Karpathy: Another thing, like Claude, I think they've adjusted the “personality” of the model quite well. When Claude praises me, I really feel like I deserve it. Because when the ideas I give it are not well - developed, its reaction isn't strong. But when it's a really good idea by my own standards, it seems to give a little more reward. I kind of want to win its praise. It's really strange.
Personality is very important, and many other tools may not pay as much attention to it. Peter really cares about this, so he got it right. Then there's the memory system, and the design of accessing all functions through a single WhatsApp entry is also very good.
03. “Everything Should Be an API Endpoint, and Agents Are the Glue”
Host: Have you used OpenClaw to do anything interesting outside of programming?
Karpathy: In January, I went through a period of “OpenClaw psychosis.” I built an OpenClaw to take care of my home and named it “Dobby the House - Elf.” I used an agent to find all the smart home subsystems on my home local network, and I was quite surprised that it worked out - of - the - box.
I just told it, “There's a Sonos in the house. Can you find it?” It did an IP scan, found the Sonos speaker, and since it wasn't password - protected, it logged in directly. Then it started reverse - engineering to see how these systems worked, did some web searches, found the API endpoint directly, asked if I wanted to try it, and then the music started playing.
The same goes for the lights. It basically hacked into the system, figured out the whole thing, created an API, and created a dashboard. I can see the command center for all the lights in my house and turn them on and off. I can tell it, “Dobby, it's time to go to bed.” This command can turn off all the lights, and it also controls all my lights, air conditioners, curtains, pool, spa, and security system.
I have a camera pointing outside the house. Every time someone comes in, it first does a change detection, then uses Qwen based on the change detection, and finally sends me a WhatsApp message with an image of the outside. For example, “Hey, the FedEx truck just arrived. You might want to check it out. You've received mail.” This is what Dobby just sent me. It's really incredible.
Dobby takes care of the house, and I send it messages via WhatsApp. These macro - actions are really interesting. I haven't really pushed it further. I think some people are doing even crazier things. But even just for home automation settings, I used to need six completely different apps, but now I don't. Dobby controls everything with natural language. It's amazing. I don't think I've fully pushed this paradigm to the limit, but it's already very helpful and inspiring.

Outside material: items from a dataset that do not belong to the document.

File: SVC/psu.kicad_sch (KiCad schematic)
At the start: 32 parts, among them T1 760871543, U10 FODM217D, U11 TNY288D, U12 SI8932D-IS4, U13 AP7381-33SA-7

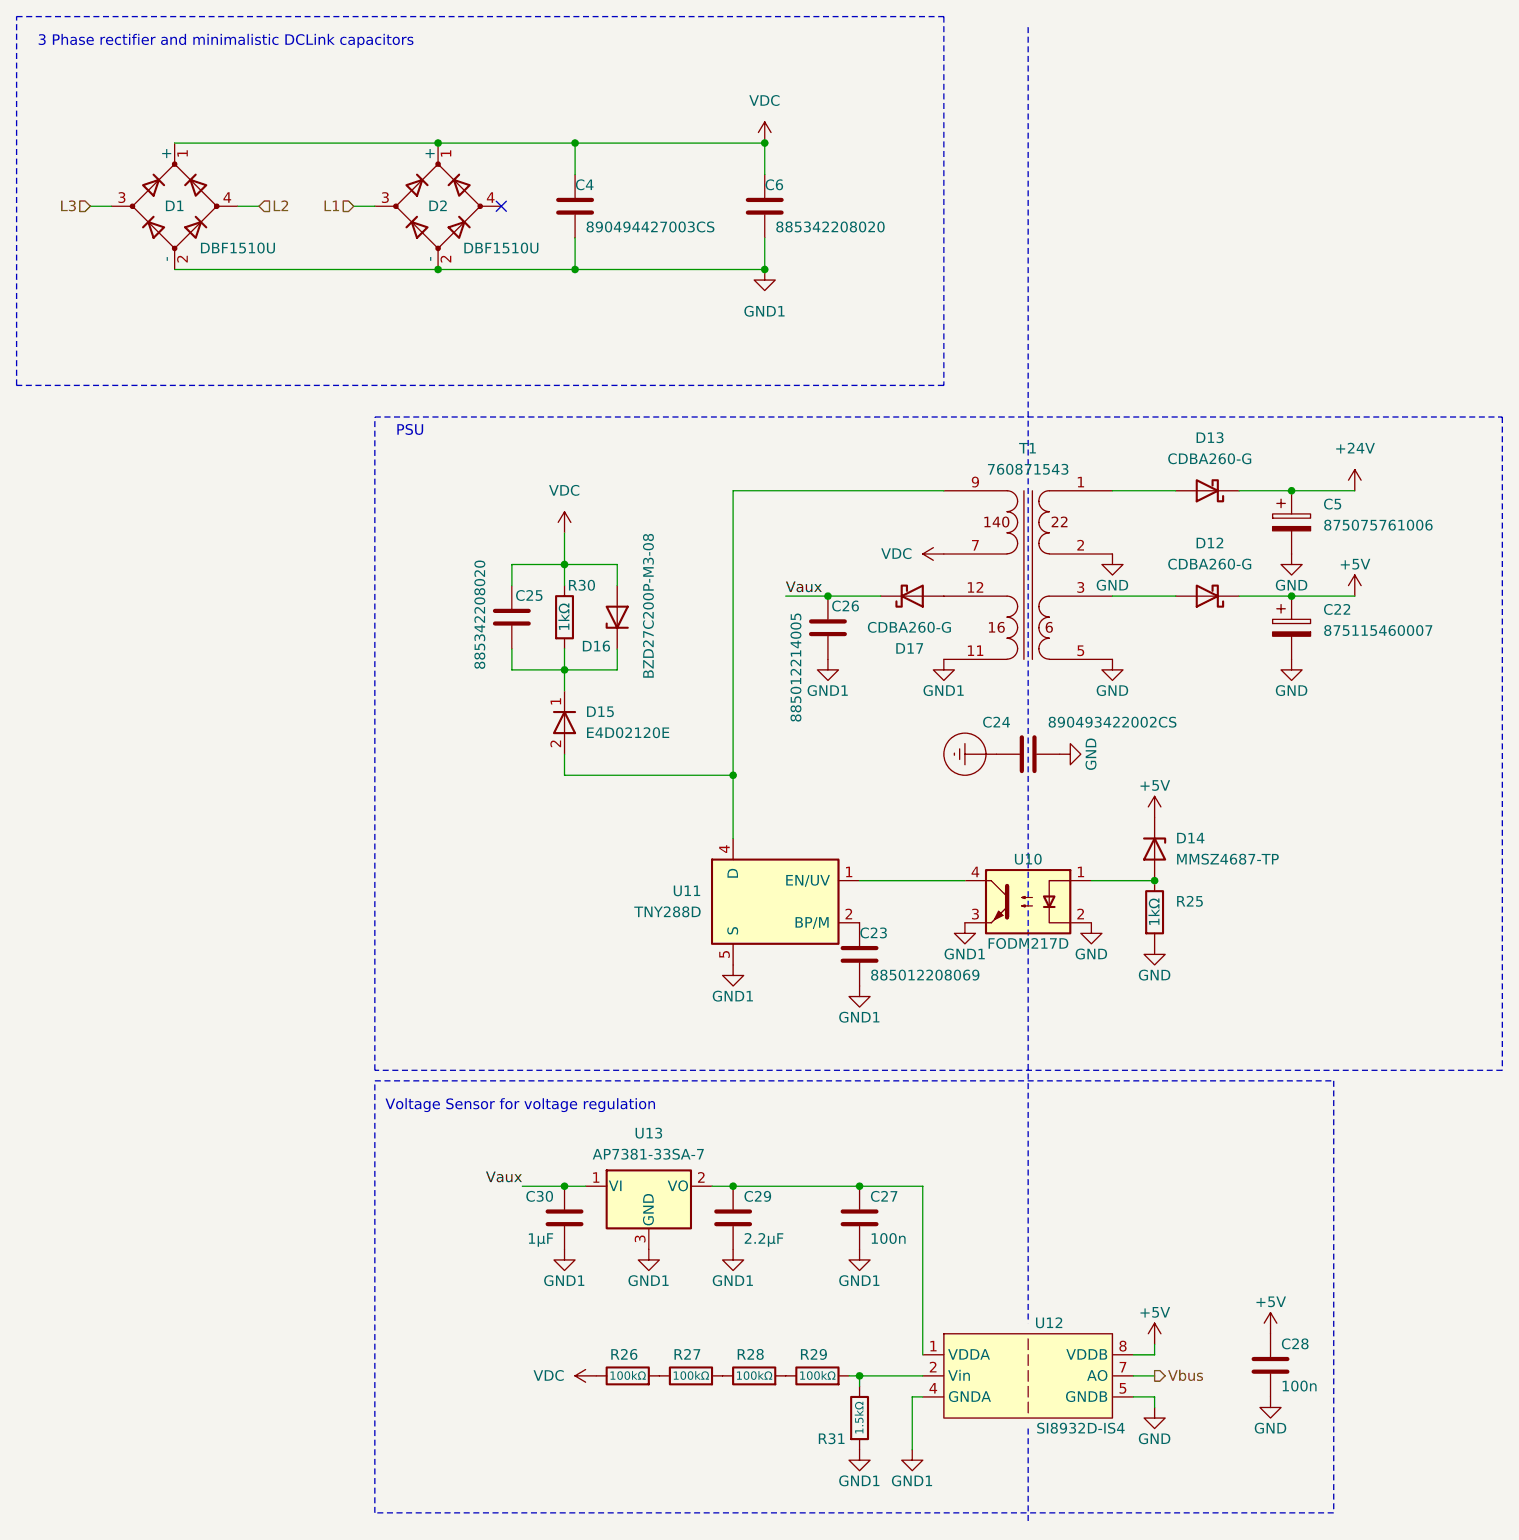
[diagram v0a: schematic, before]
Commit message: did some layout work, minor schematic changes to help with layout
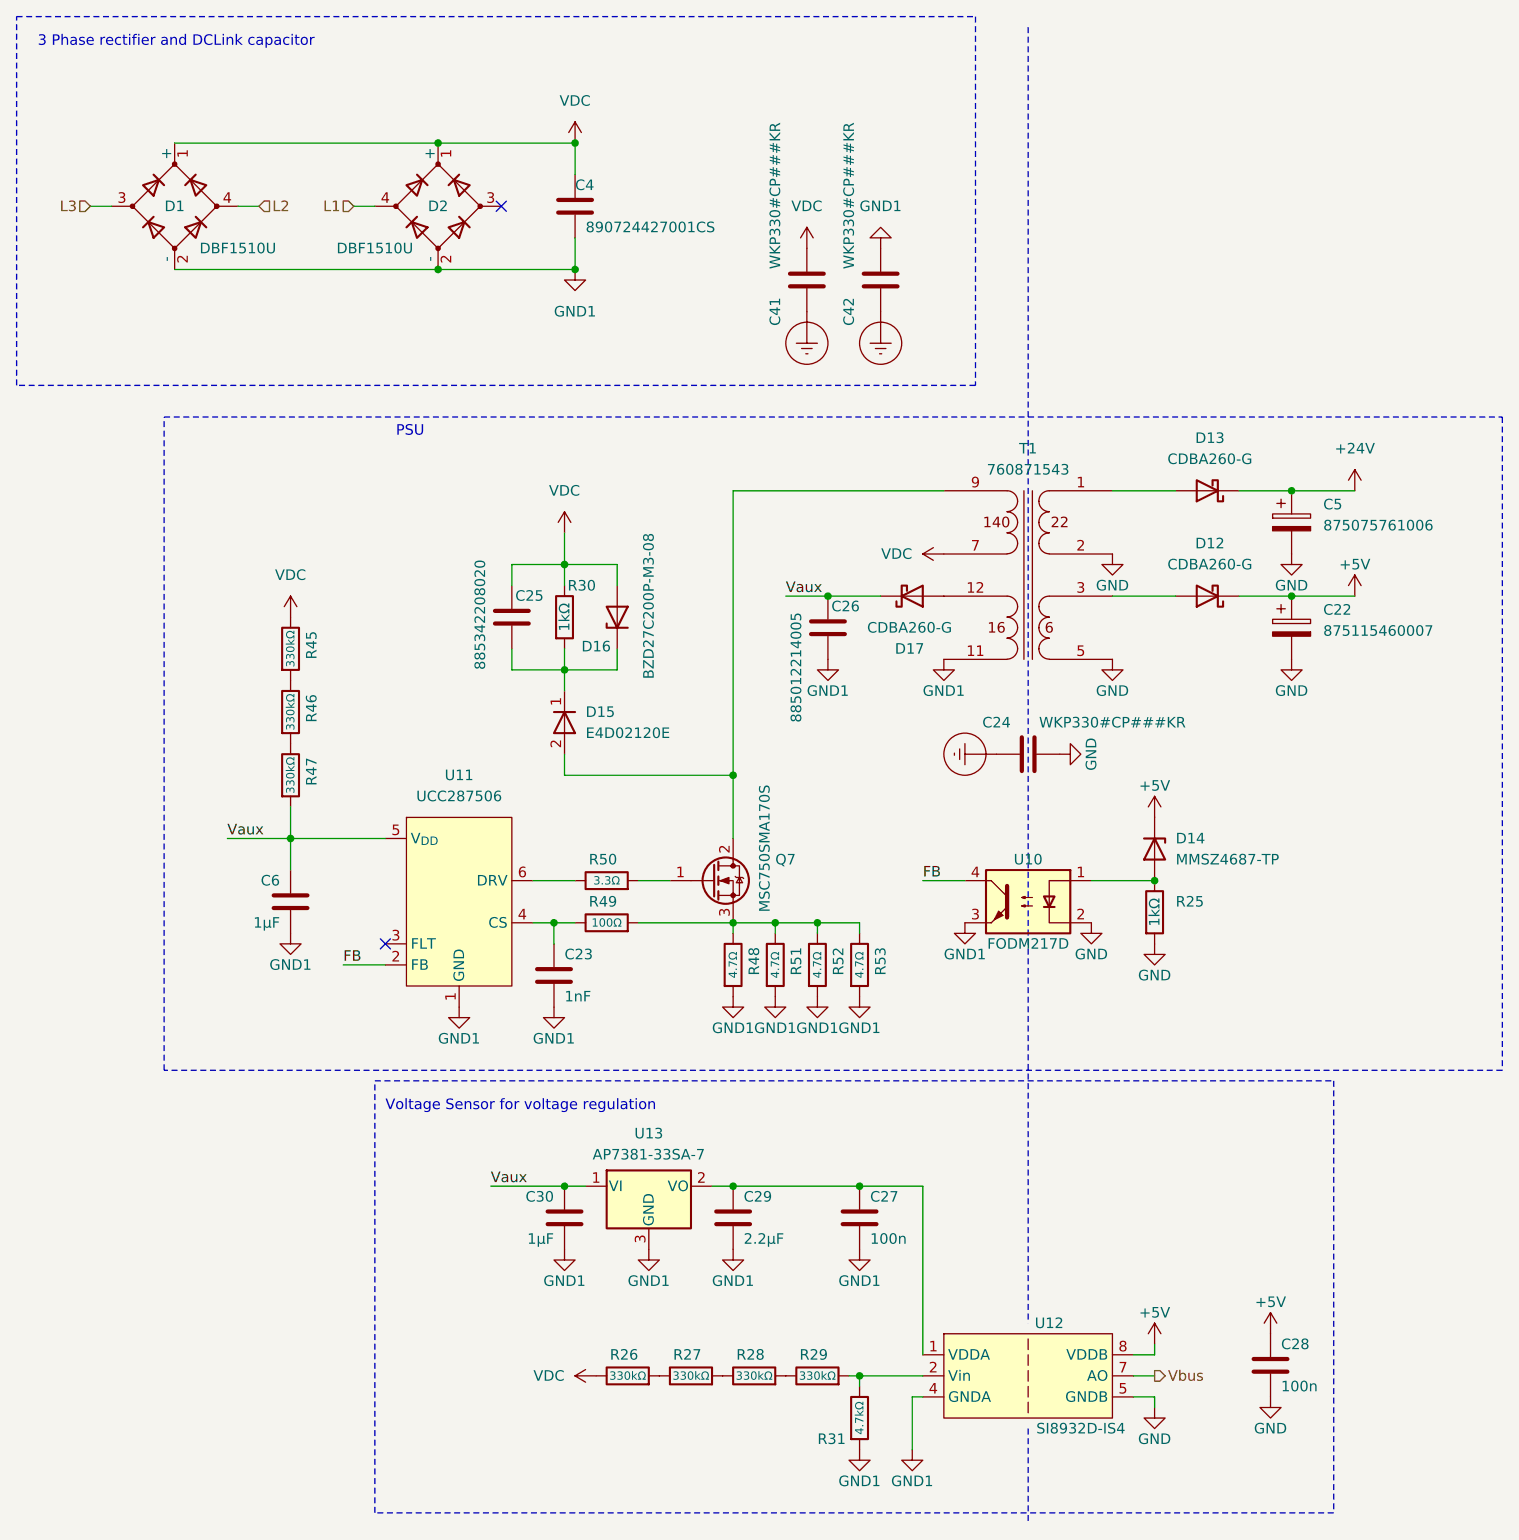
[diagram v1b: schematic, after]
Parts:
- removed U11: TNY288D, Package_SO:PowerIntegrations_SO-8C, symbol Regulator_Switching:TNY288D
- added C41, C42: WKP330#CP###KR, Footprints:WKP330#CP###KR, symbol Device:C
- added Q7: MSC750SMA170S, Package_TO_SOT_SMD:TO-252-2, symbol Device:Q_NMOS_GDS
- added R45, R46, R47: 330kΩ, Resistor_SMD:R_0805_2012Metric, symbol Device:R
- added R48, R51, R52, R53: 4.7Ω, Resistor_SMD:R_0805_2012Metric, symbol Device:R
- added R49: 100Ω, Resistor_SMD:R_0805_2012Metric, symbol Device:R
- added R50: 3.3Ω, Resistor_SMD:R_0805_2012Metric, symbol Device:R
- added U11: UCC287506, Package_TO_SOT_SMD:SOT-23-6, symbol parts:UCC28750X
- C23: value 885012208069 -> 1nF; footprint Capacitor_SMD:C_1206_3216Metric -> Capacitor_SMD:C_0805_2012Metric
- C24: value 890493422002CS -> WKP330#CP###KR; footprint Capacitor_THT:C_Rect_L10.3mm_W5.7mm_P7.50mm_MKS4 -> Footprints:WKP330#CP###KR
- C4: value 890494427003CS -> 890724427001CS; footprint Capacitor_THT:C_Rect_L33.0mm_W15.0mm_P27.50mm_MKS4 -> Capacitor_THT:C_Rect_L31.5mm_W9.0mm_P27.50mm_MKS4
- C6: value 885342208020 -> 1µF; footprint Capacitor_SMD:C_1206_3216Metric -> Capacitor_SMD:C_0805_2012Metric
- R26, R27, R28, R29: value 100kΩ -> 330kΩ
- R30: footprint Resistor_SMD:R_0805_2012Metric -> Resistor_SMD:R_1206_3216Metric
- R31: value 1.5kΩ -> 4.7kΩ
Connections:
- net Earth_Protective: now also C41.1, C42.1
- net GND1: now also C42.2, R48.2, R51.2, R52.2, R53.2, U11.1 (GND)
- net L1: now also D2.4; no longer D2.3
- net VDC: now also C41.2, R45.1; no longer C6.1
- net Vaux: now also C6.1, R47.2, U11.5 (V_{DD})
- net FB: now reaches U10.4
- net FB: now also U11.2 (FB)
- net at C23.1: now also R49.1, U11.4 (CS)
- net at D15.2 (A), T1.9 (IN+): now also Q7.2 (D)
- new net: Q7.3 (S), R48.1, R49.2, R51.1, R52.1, R53.1
- new net: R45.2, R46.1
- new net: R46.2, R47.1
- new net: R50.1, U11.6 (DRV)
- new net: Q7.1 (G), R50.2
- no-connect marks 1 -> 2
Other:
- note added: "3 Phase rectifier and DCLink capacitor"
- note removed: "3 Phase rectifier and minimalistic DCLink capacitors"
- moved on the sheet: D2

Host: Do you think this shows what people want from a user experience perspective? Because learning new software and new UIs requires human effort, which has been overlooked in the past.
Karpathy: To some extent, it's true. What OpenClaw achieves is essentially deduced from the perspective of “what people think AI should be like”. The AI in people's minds is not the original large model in the strict sense—a large model is just a token generator. But the AI people imagine is something with a personality and an identity. You can share things with it, and it will remember, just like an entity behind WhatsApp, which is easier to understand.